“那若是娃娃做了对不起哥哥的事情,哥哥会怎么对待娃娃?”
“怎么对待啊?”秋纪陶故意拖着长音,这副姿态让席洲以为他在想怎么惩罚自己,顿时抬起头,委屈紧了,“不行不行,娃娃这么乖巧,哥哥一定舍不得惩罚娃娃的是嘛!”
秋纪陶空出一只手捏他脸颊,“是。”不然惩罚了某人蹲起后,自己还给他揉腿,也不知道是在惩罚谁。
“只要娃娃做的事情,不需要顾忌范围,包括我。”
“么啵~”轻微地声音在秋纪陶耳畔响起,随后轻轻离开,像一片雪花飘飘柔柔地落来,明明近在咫尺,却与自己离得八丈远。
本来无交集的平行线,被一小阵儿风吹贴在脸上,冰凉的雪花慢慢融化,所残留的感受却铭记于心。
“怎么啦?”席洲不解眨眼睛,凑到他面前询问,不懂为什么突然不走了?
在他的注视下,秋纪陶眉头缓慢皱起,如同一朵萎缩花朵。
怎,怎么了?
席洲还没有见过秋纪陶眉头皱得这么深过,感到他将自己放下来,脚掌陷入毛茸茸的毛毯,未来得及如往常一般评价感受,秋纪陶就走了。
他呆了,打算跟上听到憋出来的,“别跟。

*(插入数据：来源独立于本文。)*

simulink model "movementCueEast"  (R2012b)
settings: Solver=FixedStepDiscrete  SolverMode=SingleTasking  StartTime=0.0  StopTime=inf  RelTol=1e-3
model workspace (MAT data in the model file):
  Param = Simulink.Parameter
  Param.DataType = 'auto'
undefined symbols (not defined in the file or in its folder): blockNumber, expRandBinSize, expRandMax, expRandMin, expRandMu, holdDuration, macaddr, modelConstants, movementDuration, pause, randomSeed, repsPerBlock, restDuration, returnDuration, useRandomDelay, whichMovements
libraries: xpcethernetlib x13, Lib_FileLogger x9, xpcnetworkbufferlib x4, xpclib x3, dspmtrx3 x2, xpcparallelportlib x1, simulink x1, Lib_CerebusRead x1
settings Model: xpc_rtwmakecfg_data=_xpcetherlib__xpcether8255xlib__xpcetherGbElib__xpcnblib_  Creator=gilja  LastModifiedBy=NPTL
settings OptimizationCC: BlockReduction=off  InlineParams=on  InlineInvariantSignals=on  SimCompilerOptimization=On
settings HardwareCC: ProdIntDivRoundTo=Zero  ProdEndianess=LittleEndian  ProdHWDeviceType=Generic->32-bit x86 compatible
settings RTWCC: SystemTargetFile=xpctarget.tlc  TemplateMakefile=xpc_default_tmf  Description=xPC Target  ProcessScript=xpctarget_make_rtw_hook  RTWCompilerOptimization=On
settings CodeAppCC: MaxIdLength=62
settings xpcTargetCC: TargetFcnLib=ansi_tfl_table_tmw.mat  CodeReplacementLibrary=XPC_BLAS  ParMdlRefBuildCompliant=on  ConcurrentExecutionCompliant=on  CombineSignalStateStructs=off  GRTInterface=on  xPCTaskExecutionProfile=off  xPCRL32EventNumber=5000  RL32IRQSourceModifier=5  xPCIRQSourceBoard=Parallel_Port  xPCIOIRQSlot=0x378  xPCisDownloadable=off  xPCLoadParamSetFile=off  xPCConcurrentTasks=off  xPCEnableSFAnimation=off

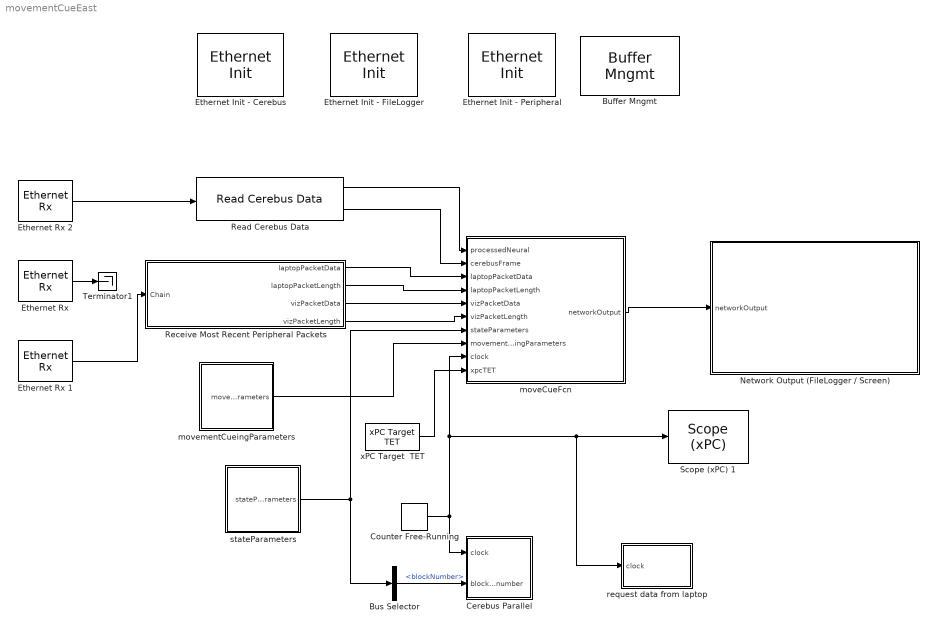
== system movementCueEast ==
  "Buffer Mngmt " : xpcnetworkbufferlib/Buffer Mngmt   Priority=-1  SampleTime=-1  PoolSizes=[100 10 10 200]  ShowTune=on
  Bus Selector : BusSelector  OutputSignals=blockNumber
  Cerebus Parallel : Subsystem
  Counter Free-Running : simulink/Sources/Counter Free-Running  NumBits=32  tsamp=-1
  Ethernet Init - Cerebus : xpcethernetlib/Ethernet Init   Priority=-1  ID=1  Driver=Intel Gigabit  Bus=3  Slot=14  SampleTime=-1  AddressSource=Specify  MAC=macaddr('00:00:00:00:00:00')  TxSA=off  RxPromiscuous=off  Multicast={}  RxBad=off  RxShort=off  MaxMTU=1518  TxThreshold=10  TxBuffers=128  RxBuffers=64  ShowTune=on  NumRxBlks=1
  Ethernet Init - FileLogger : xpcethernetlib/Ethernet Init   Priority=-1  ID=2  Driver=Intel Gigabit  Bus=3  Slot=13  SampleTime=-1  AddressSource=Specify  MAC=macaddr('00:00:00:00:00:00')  TxSA=off  RxPromiscuous=off  Multicast={}  RxBad=off  RxShort=off  MaxMTU=1518  TxThreshold=10  TxBuffers=128  RxBuffers=8  ShowTune=on  NumRxBlks=1
  Ethernet Init - Peripheral : xpcethernetlib/Ethernet Init   Priority=-1  ID=3  Driver=Intel Gigabit  Bus=2  Slot=0  SampleTime=-1  AddressSource=Specify  MAC=macaddr('00:00:00:00:00:00')  TxSA=off  RxPromiscuous=off  Multicast={}  RxBad=off  RxShort=off  MaxMTU=1518  TxThreshold=10  TxBuffers=128  RxBuffers=8  ShowTune=on  NumRxBlks=1
  "Ethernet Rx " : xpcethernetlib/Ethernet Rx   ID=2  SampleTime=modelConstants.sampleTime  Criteria=Receive all unmatched types [0 to 65535]  EtherType=[hex2dec('0000')]  BlkID=0
  Ethernet Rx 1 : xpcethernetlib/Ethernet Rx   ID=3  SampleTime=modelConstants.sampleTime  Criteria=Receive all unmatched types [0 to 65535]  EtherType=[hex2dec('0000')]  BlkID=0
  Ethernet Rx 2 : xpcethernetlib/Ethernet Rx   ID=1  SampleTime=modelConstants.sampleTime  Criteria=Receive all unmatched types [0 to 65535]  EtherType=[hex2dec('0000')]  BlkID=0
  Network Output (FileLogger / Screen) : Subsystem
  Read Cerebus Data : Lib_CerebusRead/Read Cerebus Data
  Receive Most Recent Peripheral Packets : Subsystem
  Scope (xPC) 1 : xpclib/Misc./Scope (xPC)   scopeno=1  scopetype=Target  autostart=on  viewmode=Numerical  formatstr='%15.6f'  grid=on  ylimits=[0,0]  nosamples=250  noprepostsamples=0  interleave=1  triggermode=FreeRun  triggersignal=1  triggerlevel=0.0  triggerslope=Either  triggerscope=1  triggersample=0  filename=data.dat  mode=Lazy  writesize=512  autorestart=off  dynamicfilemode=off  maxwritefilesize=512*1024^2
  Terminator1 : Terminator
  moveCueFcn : MATLAB Function  TreatAsAtomicUnit=on
  movementCueingParameters : Subsystem
  request data from laptop : Subsystem
  stateParameters : Subsystem
  "xPC Target  TET " : xpclib/Misc./xPC Target  TET   ts=0.001
  wires:
  Ethernet Rx 1/1 -> Receive Most Recent Peripheral Packets/1(Chain)
  moveCueFcn/1(networkOutput) -> Network Output (FileLogger / Screen)/1(networkOutput)
  stateParameters/1(stateParameters) -> Bus Selector/1, moveCueFcn/7(stateParameters)
  "Ethernet Rx "/1 -> Terminator1/1
  Counter Free-Running/1 -> Scope (xPC) 1/1, request data from laptop/1(clock), moveCueFcn/9(clock), Cerebus Parallel/1(clock)
  movementCueingParameters/1(movementCueingParameters) -> moveCueFcn/8(movementCueingParameters)
  Bus Selector/1 -> Cerebus Parallel/2(block number)  "<blockNumber>"
  Receive Most Recent Peripheral Packets/1(laptopPacketData) -> moveCueFcn/3(laptopPacketData)
  Receive Most Recent Peripheral Packets/2(laptopPacketLength) -> moveCueFcn/4(laptopPacketLength)
  Receive Most Recent Peripheral Packets/3(vizPacketData) -> moveCueFcn/5(vizPacketData)
  Receive Most Recent Peripheral Packets/4(vizPacketLength) -> moveCueFcn/6(vizPacketLength)
  Ethernet Rx 2/1 -> Read Cerebus Data/1
  Read Cerebus Data/1 -> moveCueFcn/1(processedNeural)
  Read Cerebus Data/2 -> moveCueFcn/2(cerebusFrame)
  "xPC Target  TET "/1 -> moveCueFcn/10(xpcTET)

== system movementCueEast/Cerebus Parallel ==
  clock : Inport
  block number : Inport  Port=2
  "Parallel Port DO " : xpcparallelportlib/Digital Output/Parallel Port DO   BaseMask=0x378  BaseString=0x378  Format=8 1-bit Channels  Channels=[1]  InitialValues=[0]  FinalActions=[0]  FinalValues=[0]  SampleTime=0.001  Mode=1
  cerebus Parallel : MATLAB Function  TreatAsAtomicUnit=on
  wires:
  block number/1 -> cerebus Parallel/2(blockNumber)
  clock/1 -> cerebus Parallel/1(clock)
  cerebus Parallel/1(digitalOut) -> "Parallel Port DO "/1

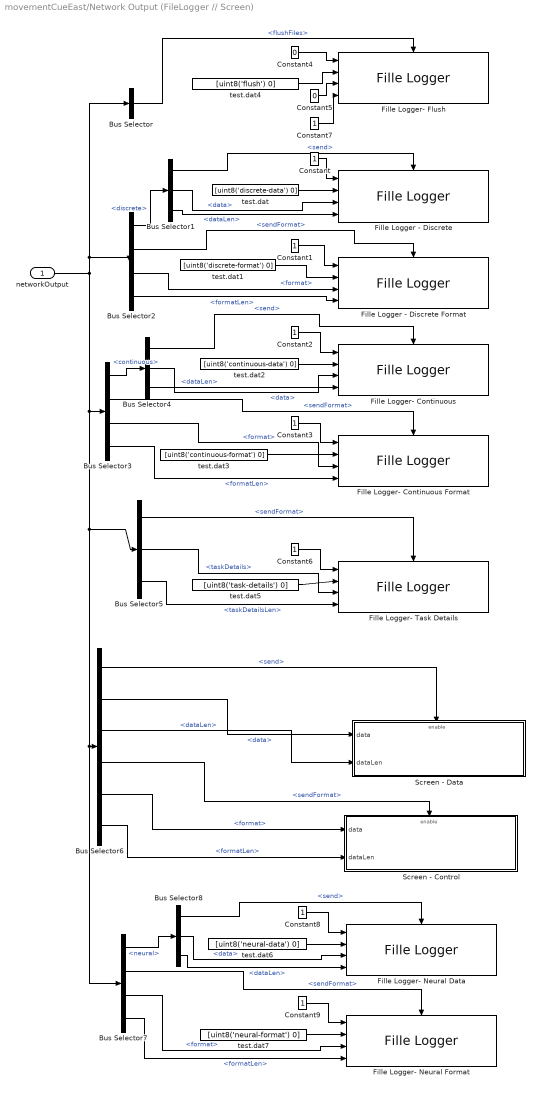
== system movementCueEast/Network Output (FileLogger // Screen) ==
  networkOutput : Inport  OutDataTypeStr=Bus: networkOutput
  Bus Selector : BusSelector  OutputSignals=flushFiles
  Bus Selector1 : BusSelector  OutputSignals=send,data,dataLen
  Bus Selector2 : BusSelector  OutputSignals=discrete,sendFormat,discrete.format,discrete.formatLen
  Bus Selector3 : BusSelector  OutputSignals=continuous,sendFormat,continuous.format,continuous.formatLen
  Bus Selector4 : BusSelector  OutputSignals=send,data,dataLen
  Bus Selector5 : BusSelector  OutputSignals=sendFormat,taskDetails,taskDetailsLen
  Bus Selector6 : BusSelector  OutputSignals=screen.send,screen.data,screen.dataLen,sendFormat,screen.format,screen.formatLen
  Bus Selector7 : BusSelector  OutputSignals=neural,sendFormat,neural.format,neural.formatLen
  Bus Selector8 : BusSelector  OutputSignals=send,data,dataLen
  Constant{,1..3,6,8..9} (7 alike) : Constant  OutDataTypeStr=boolean
  Constant4 : Constant  Value=0  OutDataTypeStr=boolean
  Constant5 : Constant  Value=0
  Constant7 : Constant  OutDataTypeStr=uint16
  Fille Logger - Discrete : Lib_FileLogger/Fille Logger
  "Fille Logger - Discrete Format " : Lib_FileLogger/Fille Logger
  Fille Logger- Continuous : Lib_FileLogger/Fille Logger
  Fille Logger- Continuous Format : Lib_FileLogger/Fille Logger
  Fille Logger- Flush : Lib_FileLogger/Fille Logger
  Fille Logger- Neural Data : Lib_FileLogger/Fille Logger
  Fille Logger- Neural Format : Lib_FileLogger/Fille Logger
  Fille Logger- Task Details : Lib_FileLogger/Fille Logger
  Screen - Control : Subsystem
  Screen - Data : Subsystem
  test.dat : Constant  Value=[uint8('discrete-data') 0]  OutDataTypeStr=uint8
  test.dat1 : Constant  Value=[uint8('discrete-format') 0]  OutDataTypeStr=uint8
  test.dat2 : Constant  Value=[uint8('continuous-data') 0]  OutDataTypeStr=uint8
  test.dat3 : Constant  Value=[uint8('continuous-format') 0]  OutDataTypeStr=uint8
  test.dat4 : Constant  Value=[uint8('flush') 0]  OutDataTypeStr=uint8
  test.dat5 : Constant  Value=[uint8('task-details') 0]  OutDataTypeStr=uint8
  test.dat6 : Constant  Value=[uint8('neural-data') 0]  OutDataTypeStr=uint8
  test.dat7 : Constant  Value=[uint8('neural-format') 0]  OutDataTypeStr=uint8
  wires:
  test.dat/1 -> Fille Logger - Discrete/2
  Constant1/1 -> "Fille Logger - Discrete Format "/1
  test.dat2/1 -> Fille Logger- Continuous/2
  test.dat1/1 -> "Fille Logger - Discrete Format "/2
  Constant2/1 -> Fille Logger- Continuous/1
  test.dat3/1 -> Fille Logger- Continuous Format/2
  Bus Selector3/2 -> Fille Logger- Continuous Format/Enable  "<sendFormat>"
  Bus Selector2/1 -> Bus Selector1/1  "<discrete>"
  Bus Selector1/1 -> Fille Logger - Discrete/Enable  "<send>"
  Constant/1 -> Fille Logger - Discrete/1
  Constant3/1 -> Fille Logger- Continuous Format/1
  Bus Selector4/2 -> Fille Logger- Continuous/3  "<data>"
  Bus Selector1/2 -> Fille Logger - Discrete/3  "<data>"
  Bus Selector2/2 -> "Fille Logger - Discrete Format "/Enable  "<sendFormat>"
  Constant4/1 -> Fille Logger- Flush/1
  test.dat4/1 -> Fille Logger- Flush/2
  Bus Selector3/3 -> Fille Logger- Continuous Format/3  "<format>"
  Bus Selector2/3 -> "Fille Logger - Discrete Format "/3  "<format>"
  Constant5/1 -> Fille Logger- Flush/3
  Bus Selector/1 -> Fille Logger- Flush/Enable  "<flushFiles>"
  networkOutput/1 -> Bus Selector2/1, Bus Selector/1, Bus Selector7/1, Bus Selector6/1, Bus Selector5/1, Bus Selector3/1
  Bus Selector4/1 -> Fille Logger- Continuous/Enable  "<send>"
  test.dat5/1 -> Fille Logger- Task Details/2
  Bus Selector5/1 -> Fille Logger- Task Details/Enable  "<sendFormat>"
  Constant6/1 -> Fille Logger- Task Details/1
  Bus Selector5/2 -> Fille Logger- Task Details/3  "<taskDetails>"
  Bus Selector6/1 -> Screen - Data/Enable  "<send>"
  Bus Selector6/2 -> Screen - Data/1(data)  "<data>"
  Bus Selector6/4 -> Screen - Control/Enable  "<sendFormat>"
  Bus Selector6/5 -> Screen - Control/1(data)  "<format>"
  Bus Selector1/3 -> Fille Logger - Discrete/4  "<dataLen>"
  Constant7/1 -> Fille Logger- Flush/4
  Bus Selector2/4 -> "Fille Logger - Discrete Format "/4  "<formatLen>"
  Bus Selector3/4 -> Fille Logger- Continuous Format/4  "<formatLen>"
  Bus Selector4/3 -> Fille Logger- Continuous/4  "<dataLen>"
  Bus Selector3/1 -> Bus Selector4/1  "<continuous>"
  Bus Selector5/3 -> Fille Logger- Task Details/4  "<taskDetailsLen>"
  Bus Selector6/3 -> Screen - Data/2(dataLen)  "<dataLen>"
  Bus Selector6/6 -> Screen - Control/2(dataLen)  "<formatLen>"
  test.dat6/1 -> Fille Logger- Neural Data/2
  Constant8/1 -> Fille Logger- Neural Data/1
  test.dat7/1 -> Fille Logger- Neural Format/2
  Bus Selector7/2 -> Fille Logger- Neural Format/Enable  "<sendFormat>"
  Bus Selector7/1 -> Bus Selector8/1  "<neural>"
  Constant9/1 -> Fille Logger- Neural Format/1
  Bus Selector8/2 -> Fille Logger- Neural Data/3  "<data>"
  Bus Selector7/3 -> Fille Logger- Neural Format/3  "<format>"
  Bus Selector8/1 -> Fille Logger- Neural Data/Enable  "<send>"
  Bus Selector7/4 -> Fille Logger- Neural Format/4  "<formatLen>"
  Bus Selector8/3 -> Fille Logger- Neural Data/4  "<dataLen>"

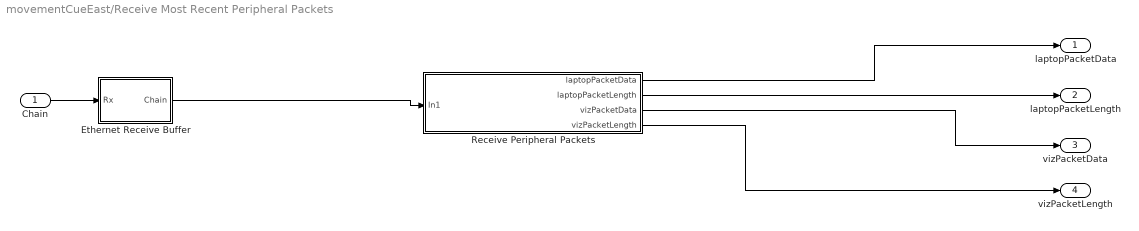
== system movementCueEast/Receive Most Recent Peripheral Packets ==
  Chain : Inport
  Ethernet Receive Buffer : Subsystem
  Receive Peripheral Packets : Subsystem
  laptopPacketData : Outport
  laptopPacketLength : Outport  Port=2
  vizPacketData : Outport  Port=3
  vizPacketLength : Outport  Port=4
  wires:
  Chain/1 -> Ethernet Receive Buffer/1(Rx)
  Ethernet Receive Buffer/1(Chain) -> Receive Peripheral Packets/1(In1)
  Receive Peripheral Packets/1(laptopPacketData) -> laptopPacketData/1
  Receive Peripheral Packets/2(laptopPacketLength) -> laptopPacketLength/1
  Receive Peripheral Packets/3(vizPacketData) -> vizPacketData/1
  Receive Peripheral Packets/4(vizPacketLength) -> vizPacketLength/1

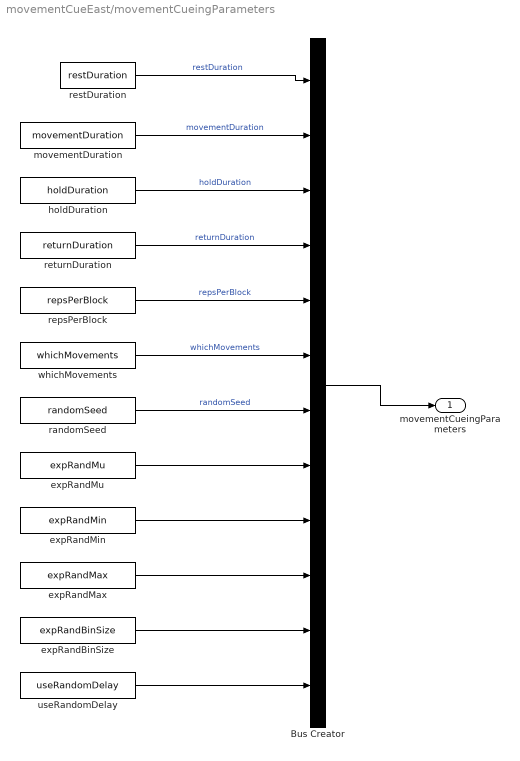
== system movementCueEast/movementCueingParameters ==
  Bus Creator : BusCreator  Inputs=12  OutDataTypeStr=Bus: movementParams  NonVirtualBus=on
  expRandBinSize : Constant  Value=expRandBinSize
  expRandMax : Constant  Value=expRandMax
  expRandMin : Constant  Value=expRandMin
  expRandMu : Constant  Value=expRandMu
  holdDuration : Constant  Value=holdDuration
  movementDuration : Constant  Value=movementDuration
  randomSeed : Constant  Value=randomSeed
  repsPerBlock : Constant  Value=repsPerBlock
  restDuration : Constant  Value=restDuration
  returnDuration : Constant  Value=returnDuration
  useRandomDelay : Constant  Value=useRandomDelay
  whichMovements : Constant  Value=whichMovements
  movementCueingParameters : Outport
  wires:
  restDuration/1 -> Bus Creator/1  "restDuration"
  Bus Creator/1 -> movementCueingParameters/1
  movementDuration/1 -> Bus Creator/2  "movementDuration"
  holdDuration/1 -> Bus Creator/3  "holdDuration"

”二字,又默默把脚收回来,瞳孔转着,不知道该干些什么,微凉的食中指搭在唇上,是嫌冰吗?
以前看到人类被亲吻后都会非常开心呀?哥哥反应怎么这么奇怪?
席洲像个无助被赶出家门的宠物,不敢乱走,只敢待在原地垂着尾巴等待主人出来寻找。
“小玫瑰,被抛弃了。”扑克牌蹲在他面前调侃。
席洲抿唇,“不知道。”
“不知道?”扑克牌重复了一遍他的话好笑,席洲坐在地毯上,臂弯抱着膝盖窝,眼睛无神耷拉着,无端生出了几分凄凉的味道。都已经这样子了,还说不是被抛弃。
什么情绪都不曾有,可却让人能清晰地感受到,当真是怪异。
扑克牌脸上始终挂着笑意,和对待秋纪陶的笑容不一样,现在的笑容更让人难以猜测。
席洲感到脑袋被人轻轻地揉了揉,温柔的声音落下,“小玫瑰,要不你跟了我。”
抬头望了他一眼,手肘托着膝盖,下巴放在掌心内,天真无邪问了一句,“牌牌,你有哥哥厉害吗?”